◆ **EXERCISE GOAL**: Extract the final stretch of the data: the line that contains "#204=CARTESIAN_POINT('',(5.33333333333333,0.,0.));" and every line after it, unaltered, and no other lines.

[STORED DATA]

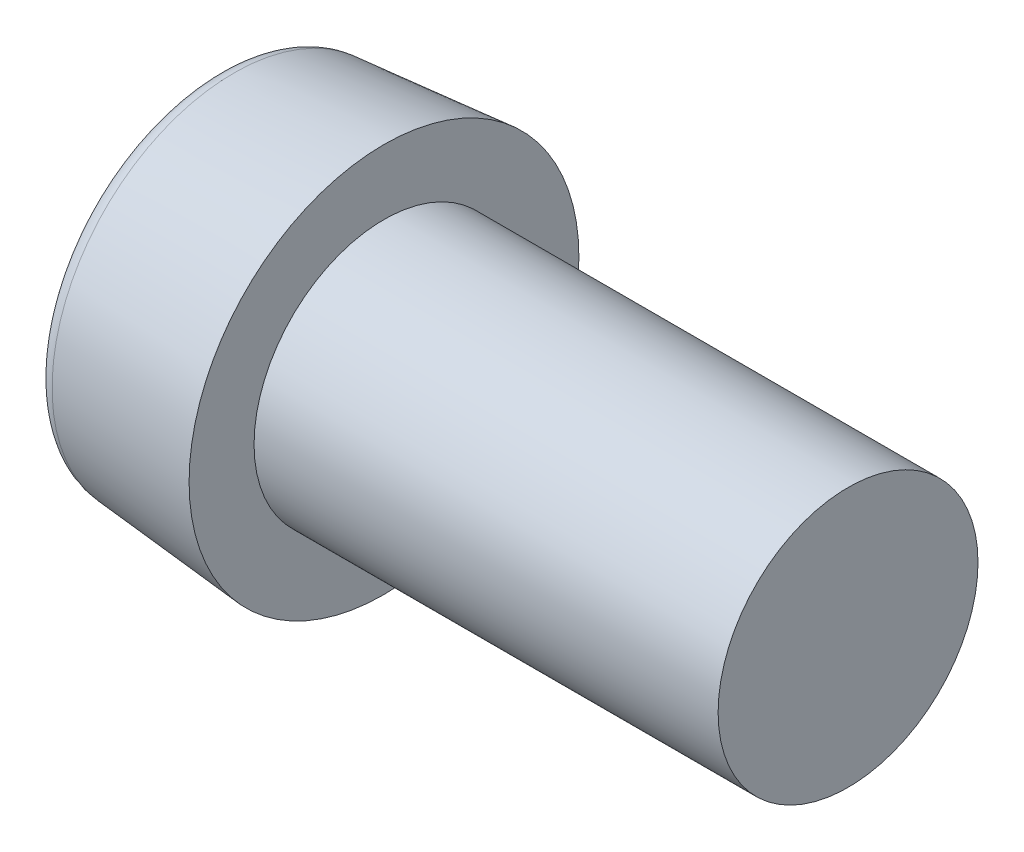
ISO-10303-21;
HEADER;
FILE_DESCRIPTION(('STEP AP214'),'2;1');
FILE_NAME('part.step','',(''),(''),'','','');
FILE_SCHEMA(('AUTOMOTIVE_DESIGN { 1 0 10303 214 1 1 1 1 }'));
ENDSEC;
DATA;
#1=APPLICATION_CONTEXT('core data for automotive mechanical design processes');
#2=APPLICATION_PROTOCOL_DEFINITION('international standard','automotive_design',2000,#1);
#3=PRODUCT_CONTEXT('',#1,'mechanical');
#4=PRODUCT('Part','Part','',(#3));
#5=PRODUCT_RELATED_PRODUCT_CATEGORY('part','',(#4));
#6=PRODUCT_DEFINITION_FORMATION('','',#4);
#7=PRODUCT_DEFINITION_CONTEXT('part definition',#1,'design');
#8=PRODUCT_DEFINITION('design','',#6,#7);
#9=PRODUCT_DEFINITION_SHAPE('','',#8);
#10=(LENGTH_UNIT() NAMED_UNIT(*) SI_UNIT(.MILLI.,.METRE.));
#11=(NAMED_UNIT(*) PLANE_ANGLE_UNIT() SI_UNIT($,.RADIAN.));
#12=(NAMED_UNIT(*) SI_UNIT($,.STERADIAN.) SOLID_ANGLE_UNIT());
#13=UNCERTAINTY_MEASURE_WITH_UNIT(LENGTH_MEASURE(1.E-05),#10,'distance_accuracy_value','');
#14=(GEOMETRIC_REPRESENTATION_CONTEXT(3) GLOBAL_UNCERTAINTY_ASSIGNED_CONTEXT((#13)) GLOBAL_UNIT_ASSIGNED_CONTEXT((#10,
#11,#12)) REPRESENTATION_CONTEXT('',''));
#15=CARTESIAN_POINT('',(0.,0.,0.));
#16=DIRECTION('',(0.,0.,1.));
#17=DIRECTION('',(1.,0.,0.));
#18=AXIS2_PLACEMENT_3D('',#15,#16,#17);
#19=CARTESIAN_POINT('',(0.,0.,0.));
#20=DIRECTION('',(1.,0.,0.));
#21=DIRECTION('',(0.,0.,-1.));
#22=AXIS2_PLACEMENT_3D('',#19,#20,#21);
#23=PLANE('',#22);
#24=CARTESIAN_POINT('',(0.,0.,0.));
#25=DIRECTION('',(1.,0.,0.));
#26=DIRECTION('',(0.,0.,-1.));
#27=AXIS2_PLACEMENT_3D('',#24,#25,#26);
#28=CIRCLE('',#27,8.79627085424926);
#29=CARTESIAN_POINT('',(0.,0.,-8.79627085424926));
#30=VERTEX_POINT('',#29);
#31=EDGE_CURVE('E11',#30,#30,#28,.F.);
#32=ORIENTED_EDGE('',*,*,#31,.T.);
#33=EDGE_LOOP('',(#32));
#34=FACE_BOUND('',#33,.T.);
#35=CARTESIAN_POINT('',(0.,3.5507041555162,-2.05));
#36=CARTESIAN_POINT('',(0.,4.00592263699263,-1.26153846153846));
#37=CARTESIAN_POINT('',(0.,5.46262177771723,0.));
#38=CARTESIAN_POINT('',(0.,3.27757306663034,1.89230769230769));
#39=CARTESIAN_POINT('',(0.,2.73131088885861,4.73076923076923));
#40=CARTESIAN_POINT('',(0.,0.,3.78461538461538));
#41=CARTESIAN_POINT('',(0.,-2.73131088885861,4.73076923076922));
#42=CARTESIAN_POINT('',(0.,-3.27757306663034,1.8923076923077));
#43=CARTESIAN_POINT('',(0.,-5.46262177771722,0.));
#44=CARTESIAN_POINT('',(0.,-3.27757306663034,-1.89230769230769));
#45=CARTESIAN_POINT('',(0.,-2.73131088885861,-4.73076923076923));
#46=CARTESIAN_POINT('',(0.,0.,-3.78461538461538));
#47=CARTESIAN_POINT('',(0.,2.73131088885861,-4.73076923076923));
#48=CARTESIAN_POINT('',(0.,3.09548567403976,-2.83846153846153));
#49=CARTESIAN_POINT('',(0.,3.5507041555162,-2.05));
#50=B_SPLINE_CURVE_WITH_KNOTS('',3,(#35,#36,#37,#38,#39,#40,#41,#42,#43,#44,#45,#46,#47,#48,
#49),.UNSPECIFIED.,.T.,.F.,(4,1,1,1,1,1,1,1,1,1,1,1,4),(0.,0.0833333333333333,0.166666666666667,
0.25,0.333333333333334,0.416666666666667,0.5,0.583333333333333,0.666666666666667,0.75,
0.833333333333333,0.916666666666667,1.),.UNSPECIFIED.);
#51=CARTESIAN_POINT('',(0.,3.5507041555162,-2.05));
#52=VERTEX_POINT('',#51);
#53=EDGE_CURVE('E35',#52,#52,#50,.T.);
#54=ORIENTED_EDGE('',*,*,#53,.T.);
#55=EDGE_LOOP('',(#54));
#56=FACE_BOUND('',#55,.T.);
#57=ADVANCED_FACE('F16',(#34,#56),#23,.F.);
#58=CARTESIAN_POINT('',(9.,0.,0.));
#59=DIRECTION('',(1.,0.,0.));
#60=DIRECTION('',(0.,0.,-1.));
#61=AXIS2_PLACEMENT_3D('',#58,#59,#60);
#62=CONICAL_SURFACE('',#61,10.5,0.0872664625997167);
#63=CARTESIAN_POINT('',(0.912844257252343,0.,0.));
#64=DIRECTION('',(1.,0.,0.));
#65=DIRECTION('',(0.,0.,-1.));
#66=AXIS2_PLACEMENT_3D('',#63,#64,#65);
#67=CIRCLE('',#66,9.79246555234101);
#68=CARTESIAN_POINT('',(0.912844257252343,0.,-9.79246555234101));
#69=VERTEX_POINT('',#68);
#70=EDGE_CURVE('E23',#69,#69,#67,.T.);
#71=ORIENTED_EDGE('',*,*,#70,.T.);
#72=EDGE_LOOP('',(#71));
#73=FACE_BOUND('',#72,.T.);
#74=CARTESIAN_POINT('',(9.,0.,0.));
#75=DIRECTION('',(1.,0.,0.));
#76=DIRECTION('',(0.,0.,-1.));
#77=AXIS2_PLACEMENT_3D('',#74,#75,#76);
#78=CIRCLE('',#77,10.5);
#79=CARTESIAN_POINT('',(9.,0.,-10.5));
#80=VERTEX_POINT('',#79);
#81=EDGE_CURVE('E86',#80,#80,#78,.T.);
#82=ORIENTED_EDGE('',*,*,#81,.F.);
#83=EDGE_LOOP('',(#82));
#84=FACE_BOUND('',#83,.T.);
#85=ADVANCED_FACE('F71',(#73,#84),#62,.T.);
#86=CARTESIAN_POINT('',(9.,0.,0.));
#87=DIRECTION('',(1.,0.,0.));
#88=DIRECTION('',(0.,0.,-1.));
#89=AXIS2_PLACEMENT_3D('',#86,#87,#88);
#90=PLANE('',#89);
#91=CARTESIAN_POINT('',(9.,0.,0.));
#92=DIRECTION('',(-1.,0.,0.));
#93=DIRECTION('',(0.,0.,1.));
#94=AXIS2_PLACEMENT_3D('',#91,#92,#93);
#95=CIRCLE('',#94,7.);
#96=CARTESIAN_POINT('',(9.,0.,7.));
#97=VERTEX_POINT('',#96);
#98=EDGE_CURVE('E38',#97,#97,#95,.T.);
#99=ORIENTED_EDGE('',*,*,#98,.T.);
#100=EDGE_LOOP('',(#99));
#101=FACE_BOUND('',#100,.T.);
#102=ORIENTED_EDGE('',*,*,#81,.T.);
#103=EDGE_LOOP('',(#102));
#104=FACE_BOUND('',#103,.T.);
#105=ADVANCED_FACE('F67',(#101,#104),#90,.T.);
#106=CARTESIAN_POINT('',(34.,7.,0.));
#107=DIRECTION('',(-1.,0.,0.));
#108=DIRECTION('',(0.,0.,1.));
#109=AXIS2_PLACEMENT_3D('',#106,#107,#108);
#110=PLANE('',#109);
#111=CARTESIAN_POINT('',(34.,0.,0.));
#112=DIRECTION('',(-1.,0.,0.));
#113=DIRECTION('',(0.,0.,1.));
#114=AXIS2_PLACEMENT_3D('',#111,#112,#113);
#115=CIRCLE('',#114,7.);
#116=CARTESIAN_POINT('',(34.,0.,7.));
#117=VERTEX_POINT('',#116);
#118=EDGE_CURVE('E89',#117,#117,#115,.T.);
#119=ORIENTED_EDGE('',*,*,#118,.F.);
#120=EDGE_LOOP('',(#119));
#121=FACE_BOUND('',#120,.T.);
#122=ADVANCED_FACE('F63',(#121),#110,.F.);
#123=CARTESIAN_POINT('',(0.,0.,0.));
#124=DIRECTION('',(-1.,0.,0.));
#125=DIRECTION('',(0.,0.,1.));
#126=AXIS2_PLACEMENT_3D('',#123,#124,#125);
#127=CYLINDRICAL_SURFACE('',#126,7.);
#128=ORIENTED_EDGE('',*,*,#98,.F.);
#129=EDGE_LOOP('',(#128));
#130=FACE_BOUND('',#129,.T.);
#131=ORIENTED_EDGE('',*,*,#118,.T.);
#132=EDGE_LOOP('',(#131));
#133=FACE_BOUND('',#132,.T.);
#134=ADVANCED_FACE('F58',(#130,#133),#127,.T.);
#135=CARTESIAN_POINT('',(4.,3.5507041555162,-2.05));
#136=CARTESIAN_POINT('',(4.,4.00592263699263,-1.26153846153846));
#137=CARTESIAN_POINT('',(4.,5.46262177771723,0.));
#138=CARTESIAN_POINT('',(4.,3.27757306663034,1.89230769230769));
#139=CARTESIAN_POINT('',(4.,2.73131088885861,4.73076923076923));
#140=CARTESIAN_POINT('',(4.,0.,3.78461538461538));
#141=CARTESIAN_POINT('',(4.,-2.73131088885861,4.73076923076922));
#142=CARTESIAN_POINT('',(4.,-3.27757306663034,1.8923076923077));
#143=CARTESIAN_POINT('',(4.,-5.46262177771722,0.));
#144=CARTESIAN_POINT('',(4.,-3.27757306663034,-1.89230769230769));
#145=CARTESIAN_POINT('',(4.,-2.73131088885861,-4.73076923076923));
#146=CARTESIAN_POINT('',(4.,0.,-3.78461538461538));
#147=CARTESIAN_POINT('',(4.,2.73131088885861,-4.73076923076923));
#148=CARTESIAN_POINT('',(4.,3.09548567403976,-2.83846153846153));
#149=CARTESIAN_POINT('',(4.,3.5507041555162,-2.05));
#150=B_SPLINE_CURVE_WITH_KNOTS('',3,(#135,#136,#137,#138,#139,#140,#141,#142,#143,#144,#145,
#146,#147,#148,#149),.UNSPECIFIED.,.T.,.F.,(4,1,1,1,1,1,1,1,1,1,1,1,4),(0.,0.0833333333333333,
0.166666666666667,0.25,0.333333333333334,0.416666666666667,0.5,0.583333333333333,
0.666666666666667,0.75,0.833333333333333,0.916666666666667,1.),.UNSPECIFIED.);
#151=DIRECTION('',(-1.,0.,0.));
#152=VECTOR('',#151,1.);
#153=SURFACE_OF_LINEAR_EXTRUSION('',#150,#152);
#154=CARTESIAN_POINT('',(4.,3.5507041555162,-2.05));
#155=CARTESIAN_POINT('',(4.,3.09548567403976,-2.83846153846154));
#156=CARTESIAN_POINT('',(4.,2.73131088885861,-4.73076923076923));
#157=CARTESIAN_POINT('',(4.,0.,-3.78461538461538));
#158=CARTESIAN_POINT('',(4.,-2.73131088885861,-4.73076923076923));
#159=CARTESIAN_POINT('',(4.,-3.27757306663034,-1.89230769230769));
#160=CARTESIAN_POINT('',(4.,-5.46262177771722,0.));
#161=CARTESIAN_POINT('',(4.,-3.27757306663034,1.8923076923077));
#162=CARTESIAN_POINT('',(4.,-2.73131088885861,4.73076923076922));
#163=CARTESIAN_POINT('',(4.,0.,3.78461538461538));
#164=CARTESIAN_POINT('',(4.,2.73131088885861,4.73076923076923));
#165=CARTESIAN_POINT('',(4.,3.27757306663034,1.89230769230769));
#166=CARTESIAN_POINT('',(4.,5.46262177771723,0.));
#167=CARTESIAN_POINT('',(4.,4.00592263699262,-1.26153846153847));
#168=CARTESIAN_POINT('',(4.,3.5507041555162,-2.05));
#169=B_SPLINE_CURVE_WITH_KNOTS('',3,(#154,#155,#156,#157,#158,#159,#160,#161,#162,#163,#164,
#165,#166,#167,#168),.UNSPECIFIED.,.T.,.F.,(4,1,1,1,1,1,1,1,1,1,1,1,4),(0.,0.0833333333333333,
0.166666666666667,0.25,0.333333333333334,0.416666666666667,0.5,0.583333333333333,
0.666666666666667,0.75,0.833333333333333,0.916666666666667,1.),.UNSPECIFIED.);
#170=CARTESIAN_POINT('',(4.,3.5507041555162,-2.05));
#171=VERTEX_POINT('',#170);
#172=EDGE_CURVE('E33',#171,#171,#169,.T.);
#173=ORIENTED_EDGE('',*,*,#172,.F.);
#174=EDGE_LOOP('',(#173));
#175=FACE_BOUND('',#174,.T.);
#176=ORIENTED_EDGE('',*,*,#53,.F.);
#177=EDGE_LOOP('',(#176));
#178=FACE_BOUND('',#177,.T.);
#179=ADVANCED_FACE('F29',(#175,#178),#153,.T.);
#180=CARTESIAN_POINT('',(5.33333333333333,0.,0.));
#181=CARTESIAN_POINT('',(4.,3.5507041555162,-2.05));
#182=CARTESIAN_POINT('',(5.33333333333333,0.,0.));
#183=CARTESIAN_POINT('',(4.,3.09548567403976,-2.83846153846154));
#184=CARTESIAN_POINT('',(5.33333333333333,0.,0.));
#185=CARTESIAN_POINT('',(4.,2.73131088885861,-4.73076923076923));
#186=CARTESIAN_POINT('',(5.33333333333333,0.,0.));
#187=CARTESIAN_POINT('',(4.,0.,-3.78461538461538));
#188=CARTESIAN_POINT('',(5.33333333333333,0.,0.));
#189=CARTESIAN_POINT('',(4.,-2.73131088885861,-4.73076923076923));
#190=CARTESIAN_POINT('',(5.33333333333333,0.,0.));
#191=CARTESIAN_POINT('',(4.,-3.27757306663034,-1.89230769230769));
#192=CARTESIAN_POINT('',(5.33333333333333,0.,0.));
#193=CARTESIAN_POINT('',(4.,-5.46262177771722,0.));
#194=CARTESIAN_POINT('',(5.33333333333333,0.,0.));
#195=CARTESIAN_POINT('',(4.,-3.27757306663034,1.8923076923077));
#196=CARTESIAN_POINT('',(5.33333333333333,0.,0.));
#197=CARTESIAN_POINT('',(4.,-2.73131088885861,4.73076923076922));
#198=CARTESIAN_POINT('',(5.33333333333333,0.,0.));
#199=CARTESIAN_POINT('',(4.,0.,3.78461538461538));
#200=CARTESIAN_POINT('',(5.33333333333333,0.,0.));
#201=CARTESIAN_POINT('',(4.,2.73131088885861,4.73076923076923));
#202=CARTESIAN_POINT('',(5.33333333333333,0.,0.));
#203=CARTESIAN_POINT('',(4.,3.27757306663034,1.89230769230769));
#204=CARTESIAN_POINT('',(5.33333333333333,0.,0.));
#205=CARTESIAN_POINT('',(4.,5.46262177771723,0.));
#206=CARTESIAN_POINT('',(5.33333333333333,0.,0.));
#207=CARTESIAN_POINT('',(4.,4.00592263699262,-1.26153846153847));
#208=CARTESIAN_POINT('',(5.33333333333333,0.,0.));
#209=CARTESIAN_POINT('',(4.,3.5507041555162,-2.05));
#210=B_SPLINE_SURFACE_WITH_KNOTS('',3,1,((#180,#181),(#182,#183),(#184,#185),(#186,#187),(#188,
#189),(#190,#191),(#192,#193),(#194,#195),(#196,#197),(#198,#199),(#200,#201),(#202,#203),(#204,
#205),(#206,#207),(#208,#209)),.UNSPECIFIED.,.T.,.F.,.F.,(4,1,1,1,1,1,1,1,1,1,1,1,4),(2,2),(0.,
0.0833333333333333,0.166666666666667,0.25,0.333333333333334,0.416666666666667,0.5,
0.583333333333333,0.666666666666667,0.75,0.833333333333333,0.916666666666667,1.),(0.,1.),.UNSPECIFIED.);
#211=CARTESIAN_POINT('',(5.33333333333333,0.,0.));
#212=VERTEX_POINT('',#211);
#213=VERTEX_LOOP('',#212);
#214=FACE_BOUND('',#213,.T.);
#215=ORIENTED_EDGE('',*,*,#172,.T.);
#216=EDGE_LOOP('',(#215));
#217=FACE_BOUND('',#216,.T.);
#218=ADVANCED_FACE('F26',(#214,#217),#210,.F.);
#219=CARTESIAN_POINT('',(1.,0.,0.));
#220=DIRECTION('',(1.,0.,0.));
#221=DIRECTION('',(0.,0.,-1.));
#222=AXIS2_PLACEMENT_3D('',#219,#220,#221);
#223=TOROIDAL_SURFACE('',#222,8.79627085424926,1.);
#224=ORIENTED_EDGE('',*,*,#31,.F.);
#225=EDGE_LOOP('',(#224));
#226=FACE_BOUND('',#225,.T.);
#227=ORIENTED_EDGE('',*,*,#70,.F.);
#228=EDGE_LOOP('',(#227));
#229=FACE_BOUND('',#228,.T.);
#230=ADVANCED_FACE('F18',(#226,#229),#223,.T.);
#231=CLOSED_SHELL('',(#57,#85,#105,#122,#134,#179,#218,#230));
#232=MANIFOLD_SOLID_BREP('B1',#231);
#233=ADVANCED_BREP_SHAPE_REPRESENTATION('',(#18,#232),#14);
#234=SHAPE_DEFINITION_REPRESENTATION(#9,#233);
ENDSEC;
END-ISO-10303-21;

[/STORED DATA]

◆ **SOLUTION TO THE PROBLEM**:
#204=CARTESIAN_POINT('',(5.33333333333333,0.,0.));
#205=CARTESIAN_POINT('',(4.,5.46262177771723,0.));
#206=CARTESIAN_POINT('',(5.33333333333333,0.,0.));
#207=CARTESIAN_POINT('',(4.,4.00592263699262,-1.26153846153847));
#208=CARTESIAN_POINT('',(5.33333333333333,0.,0.));
#209=CARTESIAN_POINT('',(4.,3.5507041555162,-2.05));
#210=B_SPLINE_SURFACE_WITH_KNOTS('',3,1,((#180,#181),(#182,#183),(#184,#185),(#186,#187),(#188,
#189),(#190,#191),(#192,#193),(#194,#195),(#196,#197),(#198,#199),(#200,#201),(#202,#203),(#204,
#205),(#206,#207),(#208,#209)),.UNSPECIFIED.,.T.,.F.,.F.,(4,1,1,1,1,1,1,1,1,1,1,1,4),(2,2),(0.,
0.0833333333333333,0.166666666666667,0.25,0.333333333333334,0.416666666666667,0.5,
0.583333333333333,0.666666666666667,0.75,0.833333333333333,0.916666666666667,1.),(0.,1.),.UNSPECIFIED.);
#211=CARTESIAN_POINT('',(5.33333333333333,0.,0.));
#212=VERTEX_POINT('',#211);
#213=VERTEX_LOOP('',#212);
#214=FACE_BOUND('',#213,.T.);
#215=ORIENTED_EDGE('',*,*,#172,.T.);
#216=EDGE_LOOP('',(#215));
#217=FACE_BOUND('',#216,.T.);
#218=ADVANCED_FACE('F26',(#214,#217),#210,.F.);
#219=CARTESIAN_POINT('',(1.,0.,0.));
#220=DIRECTION('',(1.,0.,0.));
#221=DIRECTION('',(0.,0.,-1.));
#222=AXIS2_PLACEMENT_3D('',#219,#220,#221);
#223=TOROIDAL_SURFACE('',#222,8.79627085424926,1.);
#224=ORIENTED_EDGE('',*,*,#31,.F.);
#225=EDGE_LOOP('',(#224));
#226=FACE_BOUND('',#225,.T.);
#227=ORIENTED_EDGE('',*,*,#70,.F.);
#228=EDGE_LOOP('',(#227));
#229=FACE_BOUND('',#228,.T.);
#230=ADVANCED_FACE('F18',(#226,#229),#223,.T.);
#231=CLOSED_SHELL('',(#57,#85,#105,#122,#134,#179,#218,#230));
#232=MANIFOLD_SOLID_BREP('B1',#231);
#233=ADVANCED_BREP_SHAPE_REPRESENTATION('',(#18,#232),#14);
#234=SHAPE_DEFINITION_REPRESENTATION(#9,#233);
ENDSEC;
END-ISO-10303-21;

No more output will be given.